Based on those findings, some studies have suggested that moderate beer
drinking may help fight osteoporosis, but researchers say the silicon content
of beer has never been thoroughly evaluated until now. The results show that
beer indeed is a significant source of bone-building silicon in OSA form.

The study analyzed 100 commercially available beers for their silicon
content and found the average silicon content ranged from 6.4 to 56.5
milligrams per liter (mg/L).

There is no recommended daily intake for silicon. But researchers say based
on the average daily intake of 20-50 milligrams, 2 liters of beer, on average,
would be required to satisfy that requirement. In some cases, 1 liter of beer
may be enough.

Bone-Building Beer?

Beers containing high levels of malted barley and hops are richest in
silicon, researcher Charles Bamforth, PhD, DSc, of the department of food
science and technology at the University of California, Davis, says in a news
release. “Wheat contains less silicon than barley because it is the husk
of the barley that is rich in this element. While most of the silicon remains
in the husk during brewing, significant quantities of silicon nonetheless are
extracted into wort and much of this survives into beer.”

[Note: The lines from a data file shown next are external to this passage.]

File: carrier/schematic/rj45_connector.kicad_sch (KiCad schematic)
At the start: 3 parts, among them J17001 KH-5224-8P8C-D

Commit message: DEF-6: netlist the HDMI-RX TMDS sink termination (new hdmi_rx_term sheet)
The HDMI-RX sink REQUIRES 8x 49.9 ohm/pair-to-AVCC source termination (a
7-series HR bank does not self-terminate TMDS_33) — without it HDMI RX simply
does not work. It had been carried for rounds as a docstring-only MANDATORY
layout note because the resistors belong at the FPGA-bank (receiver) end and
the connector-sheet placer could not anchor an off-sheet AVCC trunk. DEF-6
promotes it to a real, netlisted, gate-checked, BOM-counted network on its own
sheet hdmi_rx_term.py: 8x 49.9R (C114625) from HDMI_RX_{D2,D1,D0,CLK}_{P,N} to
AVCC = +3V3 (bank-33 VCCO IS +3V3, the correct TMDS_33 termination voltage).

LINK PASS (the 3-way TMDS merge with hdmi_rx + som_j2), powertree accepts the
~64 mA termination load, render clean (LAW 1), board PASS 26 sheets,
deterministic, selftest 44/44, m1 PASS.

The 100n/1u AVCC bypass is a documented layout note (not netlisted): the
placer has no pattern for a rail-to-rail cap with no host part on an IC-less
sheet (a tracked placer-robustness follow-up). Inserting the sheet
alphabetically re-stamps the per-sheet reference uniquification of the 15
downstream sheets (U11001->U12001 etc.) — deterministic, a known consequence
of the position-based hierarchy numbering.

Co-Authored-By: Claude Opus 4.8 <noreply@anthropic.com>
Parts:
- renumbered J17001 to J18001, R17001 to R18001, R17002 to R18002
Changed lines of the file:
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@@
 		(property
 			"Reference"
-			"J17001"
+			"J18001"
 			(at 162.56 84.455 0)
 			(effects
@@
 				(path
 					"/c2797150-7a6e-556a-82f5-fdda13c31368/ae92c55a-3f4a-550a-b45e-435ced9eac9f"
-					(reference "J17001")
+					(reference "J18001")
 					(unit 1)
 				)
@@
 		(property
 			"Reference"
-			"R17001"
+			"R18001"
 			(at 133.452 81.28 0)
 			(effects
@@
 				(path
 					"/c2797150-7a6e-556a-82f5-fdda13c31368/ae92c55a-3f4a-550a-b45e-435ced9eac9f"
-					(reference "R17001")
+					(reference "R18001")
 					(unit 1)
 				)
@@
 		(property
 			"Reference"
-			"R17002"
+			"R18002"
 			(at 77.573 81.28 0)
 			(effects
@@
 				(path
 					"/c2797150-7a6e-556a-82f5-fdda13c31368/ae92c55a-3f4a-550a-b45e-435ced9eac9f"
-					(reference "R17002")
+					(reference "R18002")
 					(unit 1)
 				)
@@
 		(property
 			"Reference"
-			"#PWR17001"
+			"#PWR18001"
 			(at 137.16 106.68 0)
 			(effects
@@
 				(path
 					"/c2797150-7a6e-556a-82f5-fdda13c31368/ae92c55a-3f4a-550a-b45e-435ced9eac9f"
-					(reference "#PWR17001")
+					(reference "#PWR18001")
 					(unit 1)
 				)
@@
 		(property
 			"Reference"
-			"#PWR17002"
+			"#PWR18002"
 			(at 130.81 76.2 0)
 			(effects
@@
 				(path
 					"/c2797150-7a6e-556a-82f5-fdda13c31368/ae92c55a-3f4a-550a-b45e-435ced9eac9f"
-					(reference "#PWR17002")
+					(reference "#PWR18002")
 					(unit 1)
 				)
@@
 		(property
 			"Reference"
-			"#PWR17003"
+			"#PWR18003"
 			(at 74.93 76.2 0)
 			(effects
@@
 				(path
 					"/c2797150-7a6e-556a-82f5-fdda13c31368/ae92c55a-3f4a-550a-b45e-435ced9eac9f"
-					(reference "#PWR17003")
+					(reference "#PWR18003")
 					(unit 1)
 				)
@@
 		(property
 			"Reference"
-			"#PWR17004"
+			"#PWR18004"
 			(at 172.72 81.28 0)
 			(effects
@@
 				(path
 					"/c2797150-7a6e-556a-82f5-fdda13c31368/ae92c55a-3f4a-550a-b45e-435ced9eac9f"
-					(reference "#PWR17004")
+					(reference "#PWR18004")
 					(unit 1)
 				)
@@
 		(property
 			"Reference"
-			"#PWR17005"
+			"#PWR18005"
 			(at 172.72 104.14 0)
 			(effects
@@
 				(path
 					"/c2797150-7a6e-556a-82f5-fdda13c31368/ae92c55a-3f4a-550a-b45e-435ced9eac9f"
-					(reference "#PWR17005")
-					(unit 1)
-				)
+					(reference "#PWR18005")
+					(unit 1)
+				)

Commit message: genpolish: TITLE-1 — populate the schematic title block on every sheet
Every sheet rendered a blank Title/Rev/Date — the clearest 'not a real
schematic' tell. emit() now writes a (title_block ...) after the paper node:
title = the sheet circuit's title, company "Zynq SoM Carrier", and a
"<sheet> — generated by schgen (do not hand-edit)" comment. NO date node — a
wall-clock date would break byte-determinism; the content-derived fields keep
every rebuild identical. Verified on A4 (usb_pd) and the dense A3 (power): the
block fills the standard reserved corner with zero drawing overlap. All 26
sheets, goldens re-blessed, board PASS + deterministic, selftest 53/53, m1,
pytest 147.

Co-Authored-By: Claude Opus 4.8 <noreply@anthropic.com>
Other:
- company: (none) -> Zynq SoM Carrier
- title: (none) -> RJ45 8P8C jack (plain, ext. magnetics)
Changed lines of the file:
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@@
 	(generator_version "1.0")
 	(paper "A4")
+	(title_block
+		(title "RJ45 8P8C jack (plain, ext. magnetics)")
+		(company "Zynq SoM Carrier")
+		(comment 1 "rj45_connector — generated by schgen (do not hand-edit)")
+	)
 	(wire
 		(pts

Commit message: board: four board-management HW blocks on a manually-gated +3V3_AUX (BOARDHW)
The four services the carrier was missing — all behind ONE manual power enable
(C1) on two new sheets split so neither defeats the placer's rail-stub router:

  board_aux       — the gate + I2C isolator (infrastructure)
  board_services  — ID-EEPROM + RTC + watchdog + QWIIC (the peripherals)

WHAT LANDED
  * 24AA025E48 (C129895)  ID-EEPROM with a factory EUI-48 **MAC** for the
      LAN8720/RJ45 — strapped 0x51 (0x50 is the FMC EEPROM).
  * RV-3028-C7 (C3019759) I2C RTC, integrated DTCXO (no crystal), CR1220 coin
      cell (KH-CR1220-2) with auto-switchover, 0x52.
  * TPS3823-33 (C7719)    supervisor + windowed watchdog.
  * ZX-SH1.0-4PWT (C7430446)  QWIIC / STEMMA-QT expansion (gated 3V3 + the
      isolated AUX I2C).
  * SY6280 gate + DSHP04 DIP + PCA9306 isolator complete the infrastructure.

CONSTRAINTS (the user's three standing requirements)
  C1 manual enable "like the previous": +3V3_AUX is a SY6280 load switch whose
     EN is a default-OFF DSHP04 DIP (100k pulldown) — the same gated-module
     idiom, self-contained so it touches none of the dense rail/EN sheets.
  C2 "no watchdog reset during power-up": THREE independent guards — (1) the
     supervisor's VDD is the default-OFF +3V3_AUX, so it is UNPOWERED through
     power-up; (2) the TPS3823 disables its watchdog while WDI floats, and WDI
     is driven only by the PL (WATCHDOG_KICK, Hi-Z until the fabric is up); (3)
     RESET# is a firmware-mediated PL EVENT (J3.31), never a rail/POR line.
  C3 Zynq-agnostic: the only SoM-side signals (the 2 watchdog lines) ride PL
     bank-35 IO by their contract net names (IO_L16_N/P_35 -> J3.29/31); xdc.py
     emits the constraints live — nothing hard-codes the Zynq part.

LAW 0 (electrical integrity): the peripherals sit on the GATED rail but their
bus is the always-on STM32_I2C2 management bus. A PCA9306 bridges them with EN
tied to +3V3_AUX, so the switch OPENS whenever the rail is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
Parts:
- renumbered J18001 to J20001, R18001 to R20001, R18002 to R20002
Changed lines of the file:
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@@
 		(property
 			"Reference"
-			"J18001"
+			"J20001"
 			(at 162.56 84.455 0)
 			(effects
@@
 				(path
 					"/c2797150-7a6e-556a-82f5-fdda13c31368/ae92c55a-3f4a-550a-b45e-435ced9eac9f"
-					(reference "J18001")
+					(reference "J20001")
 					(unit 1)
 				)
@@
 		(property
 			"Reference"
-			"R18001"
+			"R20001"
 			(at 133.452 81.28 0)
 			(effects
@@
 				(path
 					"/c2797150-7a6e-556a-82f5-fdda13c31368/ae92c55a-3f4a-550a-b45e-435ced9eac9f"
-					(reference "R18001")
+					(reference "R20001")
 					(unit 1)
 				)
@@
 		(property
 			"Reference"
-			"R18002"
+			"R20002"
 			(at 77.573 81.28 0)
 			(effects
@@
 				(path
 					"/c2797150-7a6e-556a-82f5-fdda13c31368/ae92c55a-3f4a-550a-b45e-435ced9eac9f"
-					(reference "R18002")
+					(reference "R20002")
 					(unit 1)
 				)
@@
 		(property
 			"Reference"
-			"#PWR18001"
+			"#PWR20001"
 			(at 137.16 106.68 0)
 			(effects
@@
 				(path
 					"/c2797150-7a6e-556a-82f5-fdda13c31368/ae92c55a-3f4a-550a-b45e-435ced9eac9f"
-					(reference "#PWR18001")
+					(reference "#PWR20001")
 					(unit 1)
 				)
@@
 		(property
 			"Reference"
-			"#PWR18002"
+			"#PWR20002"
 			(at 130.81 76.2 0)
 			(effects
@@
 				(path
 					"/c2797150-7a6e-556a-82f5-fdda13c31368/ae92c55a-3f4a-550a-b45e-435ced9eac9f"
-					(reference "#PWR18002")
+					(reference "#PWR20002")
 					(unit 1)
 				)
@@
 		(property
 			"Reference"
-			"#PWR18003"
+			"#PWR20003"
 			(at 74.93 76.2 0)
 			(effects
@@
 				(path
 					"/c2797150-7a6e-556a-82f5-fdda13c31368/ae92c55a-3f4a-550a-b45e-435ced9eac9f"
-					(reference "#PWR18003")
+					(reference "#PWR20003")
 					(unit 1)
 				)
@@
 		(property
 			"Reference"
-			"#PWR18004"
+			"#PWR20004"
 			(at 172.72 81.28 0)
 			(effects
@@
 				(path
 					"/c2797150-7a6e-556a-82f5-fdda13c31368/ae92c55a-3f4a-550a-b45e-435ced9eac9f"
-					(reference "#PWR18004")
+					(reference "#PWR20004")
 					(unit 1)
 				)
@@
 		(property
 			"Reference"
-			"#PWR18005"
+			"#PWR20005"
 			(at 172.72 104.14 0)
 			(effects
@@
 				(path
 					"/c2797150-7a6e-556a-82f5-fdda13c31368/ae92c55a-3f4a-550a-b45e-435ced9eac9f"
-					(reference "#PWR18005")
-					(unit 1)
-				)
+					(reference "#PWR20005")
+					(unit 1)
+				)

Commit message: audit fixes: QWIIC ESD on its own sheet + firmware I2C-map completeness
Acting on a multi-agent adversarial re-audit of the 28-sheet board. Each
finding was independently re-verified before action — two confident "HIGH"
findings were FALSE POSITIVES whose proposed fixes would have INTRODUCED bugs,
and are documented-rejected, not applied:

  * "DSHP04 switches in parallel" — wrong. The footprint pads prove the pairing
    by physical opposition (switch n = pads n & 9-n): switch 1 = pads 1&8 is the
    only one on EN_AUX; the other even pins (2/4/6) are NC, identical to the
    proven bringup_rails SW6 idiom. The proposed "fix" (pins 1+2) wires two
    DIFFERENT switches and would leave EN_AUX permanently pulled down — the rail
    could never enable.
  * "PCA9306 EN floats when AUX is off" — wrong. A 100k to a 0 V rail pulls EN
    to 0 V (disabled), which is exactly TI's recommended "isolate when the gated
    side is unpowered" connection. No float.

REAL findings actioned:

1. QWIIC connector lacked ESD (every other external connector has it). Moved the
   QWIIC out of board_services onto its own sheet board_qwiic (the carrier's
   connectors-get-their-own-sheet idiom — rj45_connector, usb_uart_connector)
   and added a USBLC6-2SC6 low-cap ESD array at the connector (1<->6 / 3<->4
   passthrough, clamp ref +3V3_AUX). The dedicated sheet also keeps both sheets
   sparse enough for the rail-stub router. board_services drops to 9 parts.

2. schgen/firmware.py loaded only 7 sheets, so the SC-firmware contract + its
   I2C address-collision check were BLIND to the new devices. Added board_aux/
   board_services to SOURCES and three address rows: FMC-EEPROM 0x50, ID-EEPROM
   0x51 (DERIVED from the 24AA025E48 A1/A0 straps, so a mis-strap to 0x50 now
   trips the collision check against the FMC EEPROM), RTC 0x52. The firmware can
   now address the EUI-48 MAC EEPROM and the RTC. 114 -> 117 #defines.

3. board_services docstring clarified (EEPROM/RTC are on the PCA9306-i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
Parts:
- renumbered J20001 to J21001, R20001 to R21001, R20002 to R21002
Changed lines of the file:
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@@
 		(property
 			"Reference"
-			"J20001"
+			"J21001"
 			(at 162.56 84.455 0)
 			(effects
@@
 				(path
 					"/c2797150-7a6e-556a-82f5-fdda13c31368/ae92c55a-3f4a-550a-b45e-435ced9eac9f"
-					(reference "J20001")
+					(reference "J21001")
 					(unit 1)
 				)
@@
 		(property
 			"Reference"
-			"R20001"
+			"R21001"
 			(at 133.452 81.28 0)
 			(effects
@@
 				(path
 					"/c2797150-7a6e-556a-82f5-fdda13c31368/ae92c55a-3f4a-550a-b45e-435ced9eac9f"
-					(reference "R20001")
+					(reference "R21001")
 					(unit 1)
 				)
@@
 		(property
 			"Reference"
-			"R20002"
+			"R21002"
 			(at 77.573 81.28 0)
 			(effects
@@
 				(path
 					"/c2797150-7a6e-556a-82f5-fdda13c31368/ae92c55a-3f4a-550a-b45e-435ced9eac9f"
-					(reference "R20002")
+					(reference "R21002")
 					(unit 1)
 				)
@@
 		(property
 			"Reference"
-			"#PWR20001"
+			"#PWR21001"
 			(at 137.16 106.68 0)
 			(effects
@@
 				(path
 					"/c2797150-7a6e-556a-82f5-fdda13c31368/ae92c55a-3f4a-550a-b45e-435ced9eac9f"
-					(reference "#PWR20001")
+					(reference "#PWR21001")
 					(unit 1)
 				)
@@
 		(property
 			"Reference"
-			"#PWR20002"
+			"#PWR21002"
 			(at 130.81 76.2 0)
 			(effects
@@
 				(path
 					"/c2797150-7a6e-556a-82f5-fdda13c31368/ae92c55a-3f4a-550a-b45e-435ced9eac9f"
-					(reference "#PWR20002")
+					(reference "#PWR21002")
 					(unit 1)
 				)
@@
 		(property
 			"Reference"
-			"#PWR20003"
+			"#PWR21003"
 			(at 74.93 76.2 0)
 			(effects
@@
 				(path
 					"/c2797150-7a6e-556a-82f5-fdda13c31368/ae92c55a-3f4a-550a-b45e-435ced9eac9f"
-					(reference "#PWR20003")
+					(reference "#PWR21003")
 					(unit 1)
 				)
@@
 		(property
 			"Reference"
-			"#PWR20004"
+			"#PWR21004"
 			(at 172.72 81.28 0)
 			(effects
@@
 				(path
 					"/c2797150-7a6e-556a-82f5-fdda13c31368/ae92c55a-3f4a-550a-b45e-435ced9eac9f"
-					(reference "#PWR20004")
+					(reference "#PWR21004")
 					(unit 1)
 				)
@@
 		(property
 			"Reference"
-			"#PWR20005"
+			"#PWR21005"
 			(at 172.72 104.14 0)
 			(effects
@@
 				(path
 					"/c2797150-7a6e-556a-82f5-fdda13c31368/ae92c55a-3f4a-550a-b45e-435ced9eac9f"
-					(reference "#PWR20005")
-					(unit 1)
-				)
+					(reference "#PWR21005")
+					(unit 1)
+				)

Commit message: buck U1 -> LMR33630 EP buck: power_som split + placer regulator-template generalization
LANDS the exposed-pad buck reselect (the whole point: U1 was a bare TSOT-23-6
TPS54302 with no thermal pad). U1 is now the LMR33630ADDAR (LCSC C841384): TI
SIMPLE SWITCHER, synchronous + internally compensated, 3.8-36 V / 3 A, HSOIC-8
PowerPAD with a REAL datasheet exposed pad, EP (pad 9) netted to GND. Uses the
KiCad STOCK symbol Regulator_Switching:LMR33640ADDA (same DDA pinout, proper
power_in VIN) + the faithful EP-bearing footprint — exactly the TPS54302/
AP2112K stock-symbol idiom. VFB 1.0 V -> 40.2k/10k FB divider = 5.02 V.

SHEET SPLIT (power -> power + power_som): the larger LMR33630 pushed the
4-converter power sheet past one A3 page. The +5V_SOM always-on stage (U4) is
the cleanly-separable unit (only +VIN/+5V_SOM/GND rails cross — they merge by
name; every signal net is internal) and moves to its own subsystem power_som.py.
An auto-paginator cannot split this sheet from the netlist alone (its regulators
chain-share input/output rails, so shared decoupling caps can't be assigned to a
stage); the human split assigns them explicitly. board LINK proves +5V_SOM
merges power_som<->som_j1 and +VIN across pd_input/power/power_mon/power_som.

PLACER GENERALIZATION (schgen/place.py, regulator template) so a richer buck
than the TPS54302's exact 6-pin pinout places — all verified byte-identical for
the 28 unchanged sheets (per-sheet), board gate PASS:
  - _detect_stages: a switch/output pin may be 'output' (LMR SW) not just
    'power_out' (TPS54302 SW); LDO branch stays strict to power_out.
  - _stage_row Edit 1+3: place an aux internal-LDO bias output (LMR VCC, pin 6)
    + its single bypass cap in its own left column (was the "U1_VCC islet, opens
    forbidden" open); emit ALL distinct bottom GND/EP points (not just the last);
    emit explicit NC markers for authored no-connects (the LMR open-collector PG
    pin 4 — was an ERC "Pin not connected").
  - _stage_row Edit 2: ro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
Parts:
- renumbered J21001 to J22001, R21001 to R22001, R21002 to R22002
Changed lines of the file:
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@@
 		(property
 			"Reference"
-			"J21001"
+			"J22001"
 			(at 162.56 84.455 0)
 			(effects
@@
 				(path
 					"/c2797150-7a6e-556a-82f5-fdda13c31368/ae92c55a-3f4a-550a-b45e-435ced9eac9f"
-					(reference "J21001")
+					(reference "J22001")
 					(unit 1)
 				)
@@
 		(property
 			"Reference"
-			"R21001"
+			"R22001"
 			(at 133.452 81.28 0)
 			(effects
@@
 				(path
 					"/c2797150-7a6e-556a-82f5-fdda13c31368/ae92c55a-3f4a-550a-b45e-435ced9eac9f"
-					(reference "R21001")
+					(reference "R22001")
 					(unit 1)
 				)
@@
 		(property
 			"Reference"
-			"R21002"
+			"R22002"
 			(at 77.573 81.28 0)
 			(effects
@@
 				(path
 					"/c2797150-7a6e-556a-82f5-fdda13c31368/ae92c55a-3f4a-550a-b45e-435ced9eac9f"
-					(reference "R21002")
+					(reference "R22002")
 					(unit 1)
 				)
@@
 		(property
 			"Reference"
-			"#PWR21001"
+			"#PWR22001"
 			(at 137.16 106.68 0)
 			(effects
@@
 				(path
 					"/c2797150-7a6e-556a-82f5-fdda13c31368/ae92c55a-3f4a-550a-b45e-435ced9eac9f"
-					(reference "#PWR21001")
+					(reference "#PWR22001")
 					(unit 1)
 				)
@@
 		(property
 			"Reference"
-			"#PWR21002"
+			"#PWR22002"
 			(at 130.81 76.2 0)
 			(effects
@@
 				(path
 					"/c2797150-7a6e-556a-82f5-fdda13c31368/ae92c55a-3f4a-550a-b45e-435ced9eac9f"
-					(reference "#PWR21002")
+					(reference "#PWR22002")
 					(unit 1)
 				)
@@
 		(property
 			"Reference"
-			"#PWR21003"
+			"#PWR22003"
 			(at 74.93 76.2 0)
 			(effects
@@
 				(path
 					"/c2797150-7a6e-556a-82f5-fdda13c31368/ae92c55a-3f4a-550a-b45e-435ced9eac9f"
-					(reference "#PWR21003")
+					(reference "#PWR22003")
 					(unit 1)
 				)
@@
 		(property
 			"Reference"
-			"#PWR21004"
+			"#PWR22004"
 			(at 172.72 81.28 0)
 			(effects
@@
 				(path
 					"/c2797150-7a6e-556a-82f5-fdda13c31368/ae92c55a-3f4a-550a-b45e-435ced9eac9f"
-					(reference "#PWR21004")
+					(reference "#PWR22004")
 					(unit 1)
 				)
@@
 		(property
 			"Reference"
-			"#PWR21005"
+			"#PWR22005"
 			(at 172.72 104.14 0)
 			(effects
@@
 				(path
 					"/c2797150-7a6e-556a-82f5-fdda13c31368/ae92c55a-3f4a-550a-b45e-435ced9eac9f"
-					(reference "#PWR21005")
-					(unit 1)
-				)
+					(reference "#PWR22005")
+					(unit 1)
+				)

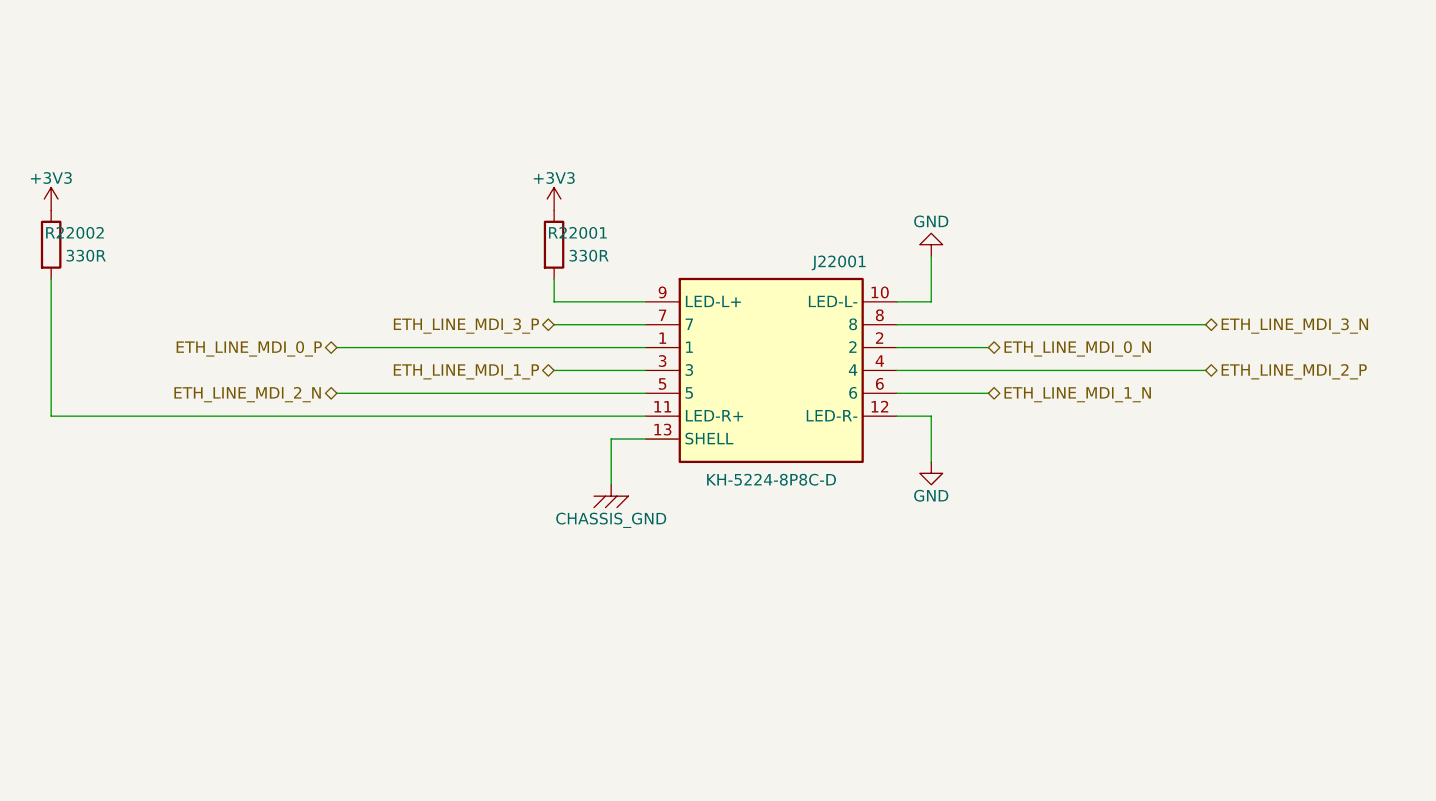
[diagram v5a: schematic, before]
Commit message: carrier: regen artifacts — DEF-H 4x M3 mounting holes + BT1 ML1220 silk '+'
H1-H4 -> CHASSIS_GND on rj45_connector (BOM-excluded plated holes, guard
rejects non-GROUND); BT1 polarity '+' on F.SilkS (LCSC-keyed regen).
Regression green: board (30 sheets), selftest 54/54 + determinism, m1_rc,
pytest 196.

Co-Authored-By: Claude Opus 4.8 <noreply@anthropic.com>
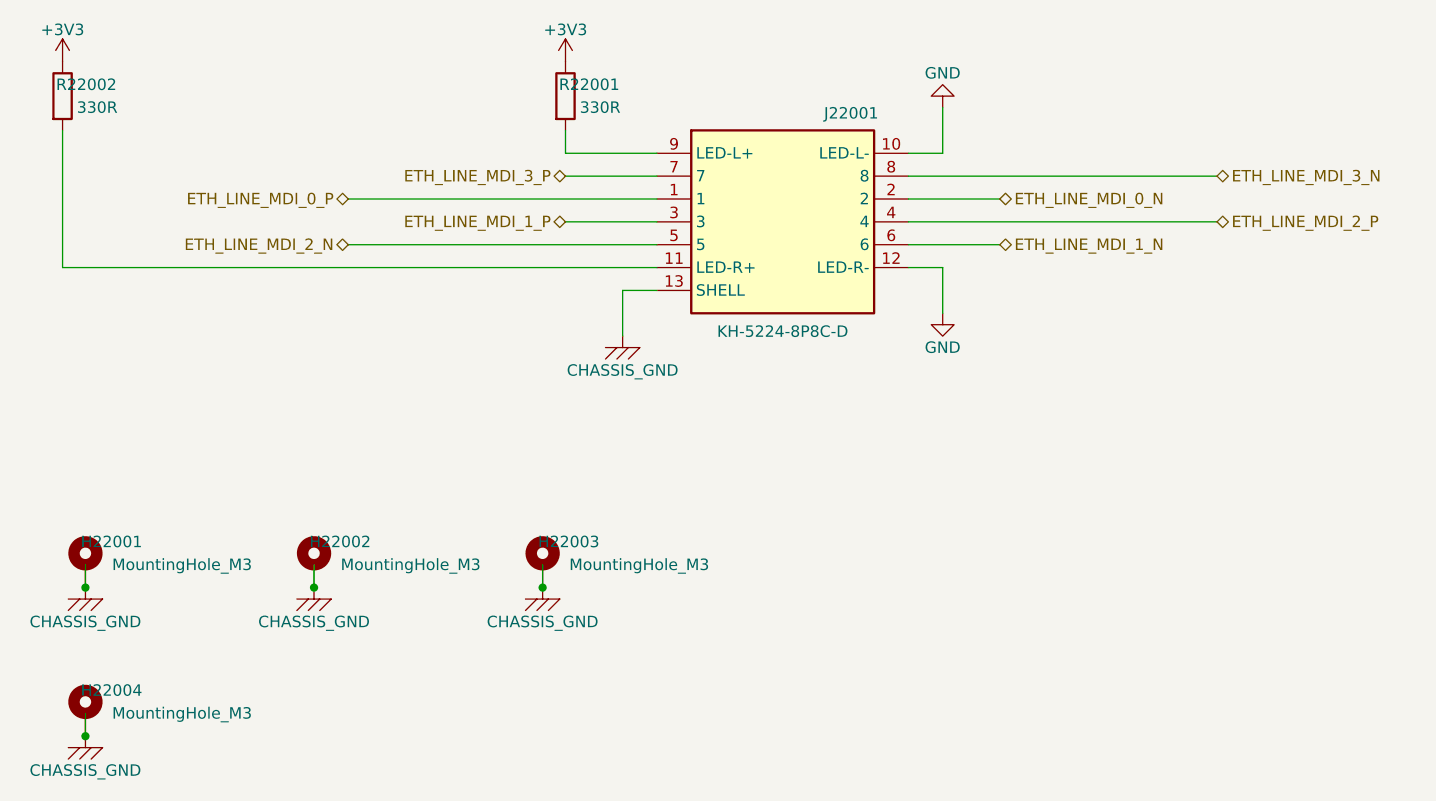
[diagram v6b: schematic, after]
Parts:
- added H22001, H22002, H22003, H22004: MountingHole_M3, MountingHole:MountingHole_3.2mm_M3_Pad, symbol Mechanical:MountingHole_Pad
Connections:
- net CHASSIS_GND: now also H22001.1, H22002.1, H22003.1, H22004.1
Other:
- moved on the sheet: J22001, R22001, R22002

The results showed the India Pale Ale category of beers tends to have more
silicon because they are traditionally a stronger and “hoppier” beer containing
more silicon-rich malt and hops.

“By contrast, wheat-based beers contain less silicon, which seems to be
related to the lower levels of silicon in wheat malt,” write the researchers in
the Journal of the Science of Food and Agriculture. “Additionally, wheat
beers are produced with much less hops than many other beer styles.”

Light lager-style beers were also lower in silicon, likely because of their
use of corn during the brewing process, note the researchers.

In comparison, other sources of silicon in the diet include granola cereal,
high-fiber wheat bran cereal, oatmeal, and dried dates.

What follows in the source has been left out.